One more for today! Try not to use the white if you can...I like using Naples yellow light and Naples yellow deep...mix that with your white for a bright sunny color. If you use too much white to brighten it will make your color chalky!!! If you are painting the blaze on a face or white feet and legs that are in shadow, tint them with a little blue with a dab of burnt umber for that shadowy look...not too much! Cobalt, ultramarine, work best for this...steer clear of Pthalo blue...it's a little greenish.


----------



## ConfusciusWasAGreatTeachr (Oct 29, 2011)

AWESOME! Thanks Prussian Blue...

Anyone want to answer the GSM paper question? Pretty please??


----------



## Prussian Blue (Feb 19, 2012)

ConfusciusWasAGreatTeachr said:


> AWESOME! Thanks Prussian Blue...
> 
> Anyone want to answer the GSM paper question? Pretty please??


For the GSM...I like a 325 smooth or ultra smooth cold press or hot press watercolor paper..the rougher texture is great for charcoal and for graphite, the smooth. You really have to experiment with the papers to find what works best for you. It's the tooth rather than the weight of the paper that determines how that medium plays out on the surface. Anywhere between 300 and 350GSM I find is the best for me!


----------



## ConfusciusWasAGreatTeachr (Oct 29, 2011)

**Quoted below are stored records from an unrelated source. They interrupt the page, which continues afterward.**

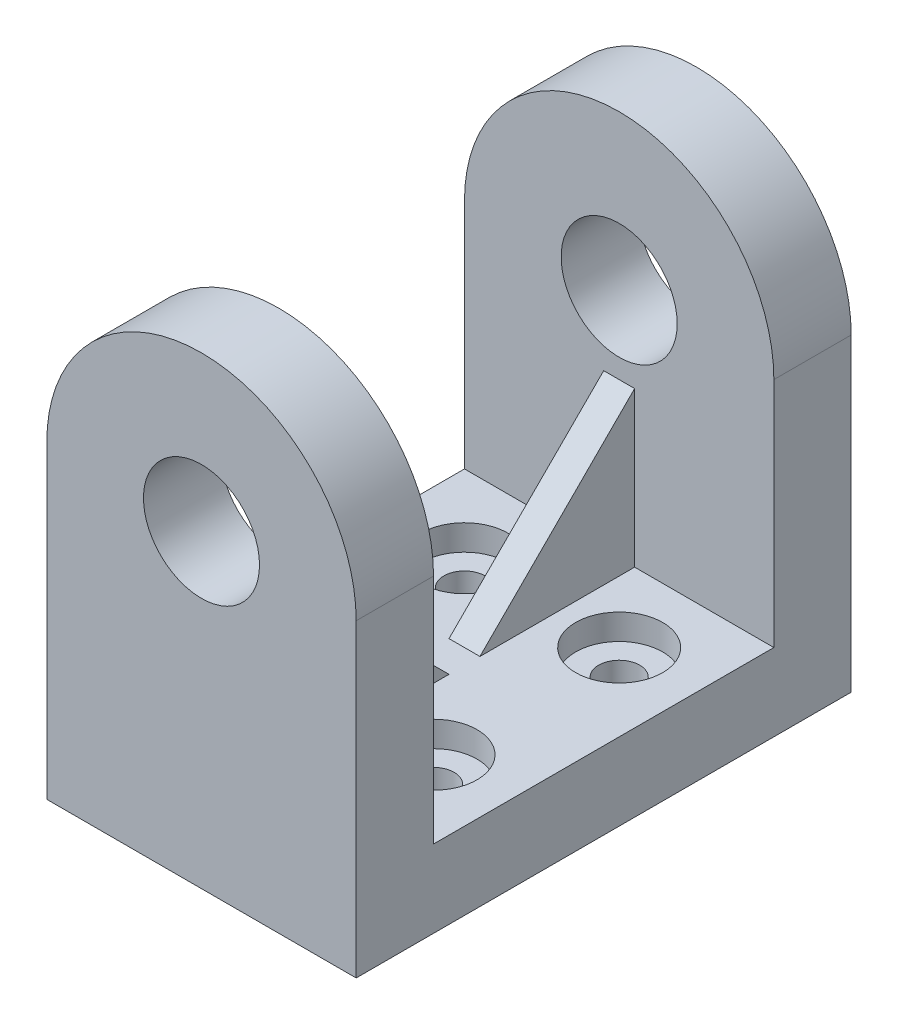
ISO-10303-21;
HEADER;
FILE_DESCRIPTION(('STEP AP214'),'2;1');
FILE_NAME('part.step','',(''),(''),'','','');
FILE_SCHEMA(('AUTOMOTIVE_DESIGN { 1 0 10303 214 1 1 1 1 }'));
ENDSEC;
DATA;
#1=APPLICATION_CONTEXT('core data for automotive mechanical design processes');
#2=APPLICATION_PROTOCOL_DEFINITION('international standard','automotive_design',2000,#1);
#3=PRODUCT_CONTEXT('',#1,'mechanical');
#4=PRODUCT('Part','Part','',(#3));
#5=PRODUCT_RELATED_PRODUCT_CATEGORY('part','',(#4));
#6=PRODUCT_DEFINITION_FORMATION('','',#4);
#7=PRODUCT_DEFINITION_CONTEXT('part definition',#1,'design');
#8=PRODUCT_DEFINITION('design','',#6,#7);
#9=PRODUCT_DEFINITION_SHAPE('','',#8);
#10=(LENGTH_UNIT() NAMED_UNIT(*) SI_UNIT(.MILLI.,.METRE.));
#11=(NAMED_UNIT(*) PLANE_ANGLE_UNIT() SI_UNIT($,.RADIAN.));
#12=(NAMED_UNIT(*) SI_UNIT($,.STERADIAN.) SOLID_ANGLE_UNIT());
#13=UNCERTAINTY_MEASURE_WITH_UNIT(LENGTH_MEASURE(1.E-05),#10,'distance_accuracy_value','');
#14=(GEOMETRIC_REPRESENTATION_CONTEXT(3) GLOBAL_UNCERTAINTY_ASSIGNED_CONTEXT((#13)) GLOBAL_UNIT_ASSIGNED_CONTEXT((#10,
#11,#12)) REPRESENTATION_CONTEXT('',''));
#15=CARTESIAN_POINT('',(0.,0.,0.));
#16=DIRECTION('',(0.,0.,1.));
#17=DIRECTION('',(1.,0.,0.));
#18=AXIS2_PLACEMENT_3D('',#15,#16,#17);
#19=CARTESIAN_POINT('',(0.,12.7,27.94));
#20=DIRECTION('',(0.,1.,0.));
#21=DIRECTION('',(-1.,0.,0.));
#22=AXIS2_PLACEMENT_3D('',#19,#20,#21);
#23=PLANE('',#22);
#24=CARTESIAN_POINT('',(-12.7,12.7,-15.24));
#25=DIRECTION('',(0.,1.,0.));
#26=DIRECTION('',(0.,0.,1.));
#27=AXIS2_PLACEMENT_3D('',#24,#25,#26);
#28=CIRCLE('',#27,7.14375);
#29=CARTESIAN_POINT('',(-12.7,12.7,-8.09625));
#30=VERTEX_POINT('',#29);
#31=EDGE_CURVE('E398',#30,#30,#28,.T.);
#32=ORIENTED_EDGE('',*,*,#31,.F.);
#33=EDGE_LOOP('',(#32));
#34=FACE_BOUND('',#33,.T.);
#35=CARTESIAN_POINT('',(-12.7,12.7,15.24));
#36=DIRECTION('',(0.,1.,0.));
#37=DIRECTION('',(0.,0.,1.));
#38=AXIS2_PLACEMENT_3D('',#35,#36,#37);
#39=CIRCLE('',#38,7.14375);
#40=CARTESIAN_POINT('',(-12.7,12.7,22.38375));
#41=VERTEX_POINT('',#40);
#42=EDGE_CURVE('E402',#41,#41,#39,.T.);
#43=ORIENTED_EDGE('',*,*,#42,.F.);
#44=EDGE_LOOP('',(#43));
#45=FACE_BOUND('',#44,.T.);
#46=CARTESIAN_POINT('',(12.7,12.7,-15.24));
#47=DIRECTION('',(0.,1.,0.));
#48=DIRECTION('',(0.,0.,1.));
#49=AXIS2_PLACEMENT_3D('',#46,#47,#48);
#50=CIRCLE('',#49,7.14375);
#51=CARTESIAN_POINT('',(12.7,12.7,-8.09625));
#52=VERTEX_POINT('',#51);
#53=EDGE_CURVE('E406',#52,#52,#50,.T.);
#54=ORIENTED_EDGE('',*,*,#53,.F.);
#55=EDGE_LOOP('',(#54));
#56=FACE_BOUND('',#55,.T.);
#57=CARTESIAN_POINT('',(12.7,12.7,15.24));
#58=DIRECTION('',(0.,1.,0.));
#59=DIRECTION('',(0.,0.,1.));
#60=AXIS2_PLACEMENT_3D('',#57,#58,#59);
#61=CIRCLE('',#60,7.14375);
#62=CARTESIAN_POINT('',(12.7,12.7,22.38375));
#63=VERTEX_POINT('',#62);
#64=EDGE_CURVE('E409',#63,#63,#61,.T.);
#65=ORIENTED_EDGE('',*,*,#64,.F.);
#66=EDGE_LOOP('',(#65));
#67=FACE_BOUND('',#66,.T.);
#68=DIRECTION('',(0.,0.,-1.));
#69=VECTOR('',#68,1.);
#70=CARTESIAN_POINT('',(2.54,12.7,27.94));
#71=LINE('',#70,#69);
#72=CARTESIAN_POINT('',(2.54,12.7,-2.54000000000009));
#73=VERTEX_POINT('',#72);
#74=CARTESIAN_POINT('',(2.54,12.7,-27.94));
#75=VERTEX_POINT('',#74);
#76=EDGE_CURVE('E167',#73,#75,#71,.T.);
#77=ORIENTED_EDGE('',*,*,#76,.F.);
#78=DIRECTION('',(1.,0.,0.));
#79=VECTOR('',#78,1.);
#80=CARTESIAN_POINT('',(0.,12.7,-2.5400000000001));
#81=LINE('',#80,#79);
#82=CARTESIAN_POINT('',(-2.54,12.7,-2.54000000000009));
#83=VERTEX_POINT('',#82);
#84=EDGE_CURVE('E157',#83,#73,#81,.T.);
#85=ORIENTED_EDGE('',*,*,#84,.F.);
#86=DIRECTION('',(0.,0.,-1.));
#87=VECTOR('',#86,1.);
#88=CARTESIAN_POINT('',(-2.54,12.7,27.94));
#89=LINE('',#88,#87);
#90=CARTESIAN_POINT('',(-2.54,12.7,-27.94));
#91=VERTEX_POINT('',#90);
#92=EDGE_CURVE('E144',#83,#91,#89,.T.);
#93=ORIENTED_EDGE('',*,*,#92,.T.);
#94=DIRECTION('',(1.,0.,0.));
#95=VECTOR('',#94,1.);
#96=CARTESIAN_POINT('',(0.,12.7,-27.94));
#97=LINE('',#96,#95);
#98=CARTESIAN_POINT('',(-25.4,12.7,-27.94));
#99=VERTEX_POINT('',#98);
#100=EDGE_CURVE('E285',#99,#91,#97,.T.);
#101=ORIENTED_EDGE('',*,*,#100,.F.);
#102=DIRECTION('',(0.,0.,-1.));
#103=VECTOR('',#102,1.);
#104=CARTESIAN_POINT('',(-25.4,12.7,27.94));
#105=LINE('',#104,#103);
#106=CARTESIAN_POINT('',(-25.4,12.7,27.94));
#107=VERTEX_POINT('',#106);
#108=EDGE_CURVE('E11',#107,#99,#105,.T.);
#109=ORIENTED_EDGE('',*,*,#108,.F.);
#110=DIRECTION('',(1.,0.,0.));
#111=VECTOR('',#110,1.);
#112=CARTESIAN_POINT('',(0.,12.7,27.94));
#113=LINE('',#112,#111);
#114=CARTESIAN_POINT('',(-2.54,12.7,27.94));
#115=VERTEX_POINT('',#114);
#116=EDGE_CURVE('E279',#107,#115,#113,.T.);
#117=ORIENTED_EDGE('',*,*,#116,.T.);
#118=DIRECTION('',(0.,0.,-1.));
#119=VECTOR('',#118,1.);
#120=CARTESIAN_POINT('',(-2.54,12.7,27.94));
#121=LINE('',#120,#119);
#122=CARTESIAN_POINT('',(-2.54,12.7,2.54000000000009));
#123=VERTEX_POINT('',#122);
#124=EDGE_CURVE('E187',#115,#123,#121,.T.);
#125=ORIENTED_EDGE('',*,*,#124,.T.);
#126=DIRECTION('',(1.,0.,0.));
#127=VECTOR('',#126,1.);
#128=CARTESIAN_POINT('',(0.,12.7,2.5400000000001));
#129=LINE('',#128,#127);
#130=CARTESIAN_POINT('',(2.54,12.7,2.5400000000001));
#131=VERTEX_POINT('',#130);
#132=EDGE_CURVE('E69',#131,#123,#129,.F.);
#133=ORIENTED_EDGE('',*,*,#132,.F.);
#134=DIRECTION('',(0.,0.,-1.));
#135=VECTOR('',#134,1.);
#136=CARTESIAN_POINT('',(2.54,12.7,27.94));
#137=LINE('',#136,#135);
#138=CARTESIAN_POINT('',(2.54,12.7,27.94));
#139=VERTEX_POINT('',#138);
#140=EDGE_CURVE('E193',#139,#131,#137,.T.);
#141=ORIENTED_EDGE('',*,*,#140,.F.);
#142=CARTESIAN_POINT('',(25.4,12.7,27.94));
#143=VERTEX_POINT('',#142);
#144=EDGE_CURVE('E284',#139,#143,#113,.T.);
#145=ORIENTED_EDGE('',*,*,#144,.T.);
#146=DIRECTION('',(0.,0.,-1.));
#147=VECTOR('',#146,1.);
#148=CARTESIAN_POINT('',(25.4,12.7,27.94));
#149=LINE('',#148,#147);
#150=CARTESIAN_POINT('',(25.4,12.7,-27.94));
#151=VERTEX_POINT('',#150);
#152=EDGE_CURVE('E283',#143,#151,#149,.T.);
#153=ORIENTED_EDGE('',*,*,#152,.T.);
#154=EDGE_CURVE('E275',#75,#151,#97,.T.);
#155=ORIENTED_EDGE('',*,*,#154,.F.);
#156=EDGE_LOOP('',(#77,#85,#93,#101,#109,#117,#125,#133,#141,#145,#153,#155));
#157=FACE_BOUND('',#156,.T.);
#158=ADVANCED_FACE('F45',(#34,#45,#56,#67,#157),#23,.T.);
#159=CARTESIAN_POINT('',(-25.4,0.,27.94));
#160=DIRECTION('',(1.,0.,0.));
#161=DIRECTION('',(0.,1.,0.));
#162=AXIS2_PLACEMENT_3D('',#159,#160,#161);
#163=PLANE('',#162);
#164=ORIENTED_EDGE('',*,*,#108,.T.);
#165=DIRECTION('',(0.,-1.,0.));
#166=VECTOR('',#165,1.);
#167=CARTESIAN_POINT('',(-25.4,0.,-27.94));
#168=LINE('',#167,#166);
#169=CARTESIAN_POINT('',(-25.4,50.8,-27.94));
#170=VERTEX_POINT('',#169);
#171=EDGE_CURVE('E234',#170,#99,#168,.T.);
#172=ORIENTED_EDGE('',*,*,#171,.F.);
#173=DIRECTION('',(0.,0.,1.));
#174=VECTOR('',#173,1.);
#175=CARTESIAN_POINT('',(-25.4,50.8,-40.64));
#176=LINE('',#175,#174);
#177=CARTESIAN_POINT('',(-25.4,50.8,-40.64));
#178=VERTEX_POINT('',#177);
#179=EDGE_CURVE('E230',#178,#170,#176,.T.);
#180=ORIENTED_EDGE('',*,*,#179,.F.);
#181=DIRECTION('',(0.,-1.,0.));
#182=VECTOR('',#181,1.);
#183=CARTESIAN_POINT('',(-25.4,0.,-40.64));
#184=LINE('',#183,#182);
#185=CARTESIAN_POINT('',(-25.4,0.,-40.64));
#186=VERTEX_POINT('',#185);
#187=EDGE_CURVE('E218',#178,#186,#184,.T.);
#188=ORIENTED_EDGE('',*,*,#187,.T.);
#189=DIRECTION('',(0.,0.,-1.));
#190=VECTOR('',#189,1.);
#191=CARTESIAN_POINT('',(-25.4,0.,27.94));
#192=LINE('',#191,#190);
#193=CARTESIAN_POINT('',(-25.4,0.,40.64));
#194=VERTEX_POINT('',#193);
#195=EDGE_CURVE('E54',#194,#186,#192,.T.);
#196=ORIENTED_EDGE('',*,*,#195,.F.);
#197=DIRECTION('',(0.,1.,0.));
#198=VECTOR('',#197,1.);
#199=CARTESIAN_POINT('',(-25.4,0.,40.64));
#200=LINE('',#199,#198);
#201=CARTESIAN_POINT('',(-25.4,50.8,40.64));
#202=VERTEX_POINT('',#201);
#203=EDGE_CURVE('E255',#194,#202,#200,.T.);
#204=ORIENTED_EDGE('',*,*,#203,.T.);
#205=DIRECTION('',(0.,0.,-1.));
#206=VECTOR('',#205,1.);
#207=CARTESIAN_POINT('',(-25.4,50.8,40.64));
#208=LINE('',#207,#206);
#209=CARTESIAN_POINT('',(-25.4,50.8,27.94));
#210=VERTEX_POINT('',#209);
#211=EDGE_CURVE('E262',#202,#210,#208,.T.);
#212=ORIENTED_EDGE('',*,*,#211,.T.);
#213=DIRECTION('',(0.,1.,0.));
#214=VECTOR('',#213,1.);
#215=CARTESIAN_POINT('',(-25.4,0.,27.94));
#216=LINE('',#215,#214);
#217=EDGE_CURVE('E266',#107,#210,#216,.T.);
#218=ORIENTED_EDGE('',*,*,#217,.F.);
#219=EDGE_LOOP('',(#164,#172,#180,#188,#196,#204,#212,#218));
#220=FACE_BOUND('',#219,.T.);
#221=ADVANCED_FACE('F309',(#220),#163,.F.);
#222=CARTESIAN_POINT('',(0.,0.,27.94));
#223=DIRECTION('',(0.,1.,0.));
#224=DIRECTION('',(-1.,0.,0.));
#225=AXIS2_PLACEMENT_3D('',#222,#223,#224);
#226=PLANE('',#225);
#227=CARTESIAN_POINT('',(-12.7,0.,-15.24));
#228=DIRECTION('',(0.,1.,0.));
#229=DIRECTION('',(0.,0.,1.));
#230=AXIS2_PLACEMENT_3D('',#227,#228,#229);
#231=CIRCLE('',#230,3.3782);
#232=CARTESIAN_POINT('',(-12.7,0.,-11.8618));
#233=VERTEX_POINT('',#232);
#234=EDGE_CURVE('E529',#233,#233,#231,.T.);
#235=ORIENTED_EDGE('',*,*,#234,.T.);
#236=EDGE_LOOP('',(#235));
#237=FACE_BOUND('',#236,.T.);
#238=CARTESIAN_POINT('',(-12.7,0.,15.24));
#239=DIRECTION('',(0.,1.,0.));
#240=DIRECTION('',(0.,0.,1.));
#241=AXIS2_PLACEMENT_3D('',#238,#239,#240);
#242=CIRCLE('',#241,3.3782);
#243=CARTESIAN_POINT('',(-12.7,0.,18.6182));
#244=VERTEX_POINT('',#243);
#245=EDGE_CURVE('E543',#244,#244,#242,.T.);
#246=ORIENTED_EDGE('',*,*,#245,.T.);
#247=EDGE_LOOP('',(#246));
#248=FACE_BOUND('',#247,.T.);
#249=CARTESIAN_POINT('',(12.7,0.,-15.24));
#250=DIRECTION('',(0.,1.,0.));
#251=DIRECTION('',(0.,0.,1.));
#252=AXIS2_PLACEMENT_3D('',#249,#250,#251);
#253=CIRCLE('',#252,3.3782);
#254=CARTESIAN_POINT('',(12.7,0.,-11.8618));
#255=VERTEX_POINT('',#254);
#256=EDGE_CURVE('E413',#255,#255,#253,.T.);
#257=ORIENTED_EDGE('',*,*,#256,.T.);
#258=EDGE_LOOP('',(#257));
#259=FACE_BOUND('',#258,.T.);
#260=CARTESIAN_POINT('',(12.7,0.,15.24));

Thanks Prussian Blue. Anyone else got any tips for graphite work? What makes of paper you personally like, etc?


----------



## tinyliny (Oct 31, 2009)

confusciuswasagreatteachr said:


> quick question!
> 
> Can anyone give me some advice on what gsm paper i should be using for commission work?
> I _think_ i am currently using 130 gsm. It's ever so slightly off-white, but results are ok. I have discovered recently that i should be using pure white to set off the drawing, right?
> ...


 

"gsm"?


----------



## tinyliny (Oct 31, 2009)

I like what is written so far. I like to say to people, "Draw what you SEE , not what you think you see". But, she has explained it better.

I also like to think about the lines of energy in a painting. For horses, these will flow down the neck and spine and one must think about how this very heavy animal is carrying its' weight. So, I kind of think of that line of energy to the ground (if the animal is standing).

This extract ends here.